Une vulgarité velue - puisque c’est bien de ça qu’il s’agit - dont l’audience pourrait facilement dépasser celle de n’importe quel projet start-up. Voici la vraie nature, la vraie réalité culturelle d’Internet, telle qu’aucun autre magazine n’oserait l’avouer. Pendant des années, on nous a vendu ce réseau informatique comme un fabuleux vecteur de savoir et de connaissances (les pages "interacial sex" font un carton). L’Internet allait participer à la création d’une communauté mondiale égalitaire, plus juste, plus éduquée. Certains parlaient même de démocratie virtuelle, de "netiquette". Un monde prophétique dont la valeur ajoutée serait de pouvoir relire à distance l’intégrale de Ray Bradbury, en corps 3 sur fond vert, depuis le disque dur d’une université saoudienne. Les penseurs du cyber étaient légion (William Gibson, Jaron Lanier, Howard Reingold…), vivaient généralement en Californie, touchaient - pour certains - déjà des stock-options et occupaient l’espace médiatique en attendant que les marchands de tuyaux aient fait leur travail. Aujourd’hui, Internet est là. Le gouvernement Clinton en a fait un passage obligé (un conseiller spécial fut même chargé d’expliquer aux Français pourquoi il était urgent d’abandonner le Minitel). Une partie du patrimoine (le Père Goriot, la Torah, les archives du KGB…) y est effectivement consultable, les encyclopédies sont devenues gratuites, plus personne n’ignore qu’on peut poser des questions en direct à Charlélie Couture sur son site… Problème : tout le monde s’en fout ! Que valent les toiles de Matisse ou la lecture de Tolstoï en version ibérique, face au fric facile de Boursorama et la déconne d’entreprise de Kasskoye.com ? Nouveau média par essence, Internet n’est pas le champ de transfert du bon goût, mais un carrefour entre géants du business et prolos anonymes. Un univers totalement déjanté, fait de kitsch, de marques et d’une méchante odeur de ratatouille.
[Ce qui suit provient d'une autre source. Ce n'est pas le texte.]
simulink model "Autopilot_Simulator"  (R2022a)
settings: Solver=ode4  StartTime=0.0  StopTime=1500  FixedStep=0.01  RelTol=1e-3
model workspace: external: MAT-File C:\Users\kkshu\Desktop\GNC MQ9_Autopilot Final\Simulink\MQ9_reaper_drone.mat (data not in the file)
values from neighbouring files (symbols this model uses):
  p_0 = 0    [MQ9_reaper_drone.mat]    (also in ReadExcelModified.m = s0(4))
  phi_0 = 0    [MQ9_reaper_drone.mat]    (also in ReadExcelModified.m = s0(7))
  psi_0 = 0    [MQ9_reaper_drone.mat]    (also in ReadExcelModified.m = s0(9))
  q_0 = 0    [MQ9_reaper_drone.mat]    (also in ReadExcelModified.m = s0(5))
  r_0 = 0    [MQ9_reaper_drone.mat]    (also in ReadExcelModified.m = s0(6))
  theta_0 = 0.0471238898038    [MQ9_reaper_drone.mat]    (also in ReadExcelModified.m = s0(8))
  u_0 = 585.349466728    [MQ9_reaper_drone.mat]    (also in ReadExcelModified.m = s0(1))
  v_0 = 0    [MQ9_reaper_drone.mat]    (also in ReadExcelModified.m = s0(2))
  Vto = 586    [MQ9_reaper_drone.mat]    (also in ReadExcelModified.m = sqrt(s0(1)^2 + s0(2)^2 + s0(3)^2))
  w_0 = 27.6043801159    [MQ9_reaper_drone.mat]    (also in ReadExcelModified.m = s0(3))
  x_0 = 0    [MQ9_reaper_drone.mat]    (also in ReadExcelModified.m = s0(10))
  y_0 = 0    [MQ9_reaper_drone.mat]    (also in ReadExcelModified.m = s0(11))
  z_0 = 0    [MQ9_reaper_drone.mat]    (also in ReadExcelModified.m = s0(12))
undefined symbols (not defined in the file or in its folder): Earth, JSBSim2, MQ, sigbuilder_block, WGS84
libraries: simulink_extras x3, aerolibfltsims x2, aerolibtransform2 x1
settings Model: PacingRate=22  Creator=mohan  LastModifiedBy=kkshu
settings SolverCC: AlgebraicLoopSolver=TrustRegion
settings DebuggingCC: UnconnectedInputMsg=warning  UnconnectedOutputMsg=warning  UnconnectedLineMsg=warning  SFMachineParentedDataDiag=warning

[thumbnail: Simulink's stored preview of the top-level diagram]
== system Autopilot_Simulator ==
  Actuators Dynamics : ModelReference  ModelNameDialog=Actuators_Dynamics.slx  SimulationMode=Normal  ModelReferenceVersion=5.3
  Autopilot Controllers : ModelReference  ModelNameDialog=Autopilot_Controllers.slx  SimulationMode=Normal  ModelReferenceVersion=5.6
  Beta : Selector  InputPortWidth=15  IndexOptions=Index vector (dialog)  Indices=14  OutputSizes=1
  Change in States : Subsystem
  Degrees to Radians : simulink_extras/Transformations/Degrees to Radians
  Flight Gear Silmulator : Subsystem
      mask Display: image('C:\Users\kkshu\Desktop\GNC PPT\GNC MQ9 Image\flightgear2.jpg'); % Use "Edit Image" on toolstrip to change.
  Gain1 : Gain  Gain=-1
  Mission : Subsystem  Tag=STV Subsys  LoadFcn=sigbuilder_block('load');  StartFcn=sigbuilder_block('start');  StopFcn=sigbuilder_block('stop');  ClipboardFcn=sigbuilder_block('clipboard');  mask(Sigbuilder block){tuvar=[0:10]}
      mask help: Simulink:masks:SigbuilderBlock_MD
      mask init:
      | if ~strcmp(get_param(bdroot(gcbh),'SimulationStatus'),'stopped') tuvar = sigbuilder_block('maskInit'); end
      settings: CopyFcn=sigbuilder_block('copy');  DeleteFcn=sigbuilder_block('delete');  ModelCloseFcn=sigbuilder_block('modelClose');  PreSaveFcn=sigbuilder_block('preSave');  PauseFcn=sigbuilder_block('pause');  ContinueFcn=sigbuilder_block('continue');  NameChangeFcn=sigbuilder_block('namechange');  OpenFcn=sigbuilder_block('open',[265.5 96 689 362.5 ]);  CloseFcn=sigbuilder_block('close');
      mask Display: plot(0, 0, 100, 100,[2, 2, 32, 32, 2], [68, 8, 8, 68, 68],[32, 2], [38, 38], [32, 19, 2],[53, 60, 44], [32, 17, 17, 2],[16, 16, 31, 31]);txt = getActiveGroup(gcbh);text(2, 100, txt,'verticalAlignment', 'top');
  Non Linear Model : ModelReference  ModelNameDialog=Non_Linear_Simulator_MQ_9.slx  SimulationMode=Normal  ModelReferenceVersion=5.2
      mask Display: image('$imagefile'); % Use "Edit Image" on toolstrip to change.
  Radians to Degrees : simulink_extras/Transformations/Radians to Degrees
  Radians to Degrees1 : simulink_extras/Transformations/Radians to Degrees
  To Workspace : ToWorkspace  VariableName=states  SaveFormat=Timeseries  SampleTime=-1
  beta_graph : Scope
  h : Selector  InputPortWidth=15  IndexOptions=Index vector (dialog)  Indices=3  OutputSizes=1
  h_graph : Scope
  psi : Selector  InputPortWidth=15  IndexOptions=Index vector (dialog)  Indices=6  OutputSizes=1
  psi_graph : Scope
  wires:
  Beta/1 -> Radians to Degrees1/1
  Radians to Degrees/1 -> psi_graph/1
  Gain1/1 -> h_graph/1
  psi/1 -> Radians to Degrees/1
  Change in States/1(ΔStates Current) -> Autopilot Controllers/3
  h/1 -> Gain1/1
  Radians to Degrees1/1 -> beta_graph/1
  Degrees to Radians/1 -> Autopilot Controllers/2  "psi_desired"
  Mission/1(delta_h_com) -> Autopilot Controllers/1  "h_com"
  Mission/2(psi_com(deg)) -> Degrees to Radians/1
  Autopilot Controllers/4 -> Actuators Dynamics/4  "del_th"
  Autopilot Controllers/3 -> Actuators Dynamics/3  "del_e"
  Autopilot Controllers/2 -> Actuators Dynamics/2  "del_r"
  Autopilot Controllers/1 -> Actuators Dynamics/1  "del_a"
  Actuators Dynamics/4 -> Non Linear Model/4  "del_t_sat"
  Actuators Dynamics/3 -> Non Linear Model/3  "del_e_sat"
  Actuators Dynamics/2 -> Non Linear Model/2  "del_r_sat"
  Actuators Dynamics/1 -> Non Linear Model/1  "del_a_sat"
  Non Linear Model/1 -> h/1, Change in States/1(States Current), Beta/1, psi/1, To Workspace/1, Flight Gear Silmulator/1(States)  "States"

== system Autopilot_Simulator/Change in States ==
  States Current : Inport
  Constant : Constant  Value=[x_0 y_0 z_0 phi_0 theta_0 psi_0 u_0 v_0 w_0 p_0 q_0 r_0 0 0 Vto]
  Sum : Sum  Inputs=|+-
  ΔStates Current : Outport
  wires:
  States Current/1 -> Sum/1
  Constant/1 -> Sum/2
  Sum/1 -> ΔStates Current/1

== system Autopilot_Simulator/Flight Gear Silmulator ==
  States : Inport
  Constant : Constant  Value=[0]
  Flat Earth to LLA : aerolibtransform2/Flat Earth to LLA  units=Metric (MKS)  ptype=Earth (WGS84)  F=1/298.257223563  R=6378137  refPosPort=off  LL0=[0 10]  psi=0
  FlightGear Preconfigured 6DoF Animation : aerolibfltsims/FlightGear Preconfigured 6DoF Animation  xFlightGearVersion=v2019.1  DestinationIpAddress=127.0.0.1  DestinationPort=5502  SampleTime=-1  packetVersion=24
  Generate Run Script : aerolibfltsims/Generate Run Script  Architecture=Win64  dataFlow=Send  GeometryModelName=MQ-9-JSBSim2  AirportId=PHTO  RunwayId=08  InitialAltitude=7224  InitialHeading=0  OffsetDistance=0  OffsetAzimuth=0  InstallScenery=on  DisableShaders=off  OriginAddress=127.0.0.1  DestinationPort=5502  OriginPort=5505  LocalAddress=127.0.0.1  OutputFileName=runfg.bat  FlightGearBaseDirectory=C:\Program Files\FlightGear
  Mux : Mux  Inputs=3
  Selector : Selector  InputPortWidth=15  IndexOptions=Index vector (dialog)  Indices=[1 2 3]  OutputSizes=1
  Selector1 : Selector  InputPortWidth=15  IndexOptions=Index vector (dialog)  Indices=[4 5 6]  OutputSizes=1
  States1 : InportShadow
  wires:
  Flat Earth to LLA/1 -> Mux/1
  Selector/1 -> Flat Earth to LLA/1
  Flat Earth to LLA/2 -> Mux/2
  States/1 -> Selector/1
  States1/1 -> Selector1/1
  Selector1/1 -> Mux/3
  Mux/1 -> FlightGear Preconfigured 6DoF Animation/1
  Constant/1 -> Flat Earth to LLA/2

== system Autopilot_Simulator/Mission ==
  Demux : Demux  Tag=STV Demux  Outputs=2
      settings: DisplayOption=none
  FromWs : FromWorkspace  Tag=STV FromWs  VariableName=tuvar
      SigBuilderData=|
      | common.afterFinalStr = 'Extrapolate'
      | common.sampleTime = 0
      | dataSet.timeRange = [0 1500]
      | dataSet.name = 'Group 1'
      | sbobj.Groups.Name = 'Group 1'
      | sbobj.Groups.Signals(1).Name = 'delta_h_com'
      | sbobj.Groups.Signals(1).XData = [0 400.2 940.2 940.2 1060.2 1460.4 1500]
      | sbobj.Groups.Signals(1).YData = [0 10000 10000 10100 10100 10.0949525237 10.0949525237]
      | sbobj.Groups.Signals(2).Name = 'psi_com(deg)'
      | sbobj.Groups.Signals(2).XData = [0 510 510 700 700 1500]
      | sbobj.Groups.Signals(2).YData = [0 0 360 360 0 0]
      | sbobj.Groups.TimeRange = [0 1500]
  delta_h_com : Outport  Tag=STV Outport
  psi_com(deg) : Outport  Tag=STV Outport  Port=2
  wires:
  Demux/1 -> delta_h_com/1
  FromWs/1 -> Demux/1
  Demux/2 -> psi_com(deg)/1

Oeuvres virtuelles de demain...

Pour la première fois, des ados ricaneurs ou des lesbiennes obèses à fouet disposent d’une puissance médiatique dont ils (elles) savent parfaitement tirer les ficelles. Chaque propriétaire d’un ordinateur peut s’offrir un fanzine dont les répercussions se feront sentir jusque dans les coulisses du gouvernement albanais. Il faut voir comment les conspirateurs américains, traumatisés par la culture JFK, réutilisent à leur profit les techniques journalistiques d’ABC ou CNN (photos floutées façon guerre du Golfe) pour prétendre qu’Elvis est vivant, ou annoncer la destruction de la Maison Blanche par des poulets géants. Génies inégalés dans l’absurde, les gays new-yorkais ont rendu le culte du cigare et de l’autofellation plus populaire qu’un inédit de Andy Warhol. Les amateurs de sport éthylique comme le "base-beer" (le base-ball avec une canette de bière) ou le "home-appliance shooting" (le ball-trap sur objets domestiques) ont poussé la mise en scène du ridicule bien plus loin que Salvador Dali et sa fameuse gare de Perpignan. Il y a quarante ans, Russ Meyer faisait des films légendaires avec de faux Hitler sodomites et un aréopage de seins volants. Aujourd’hui, des inconnus un peu lourdingues ont déjà créé les œuvres virtuelles de demain.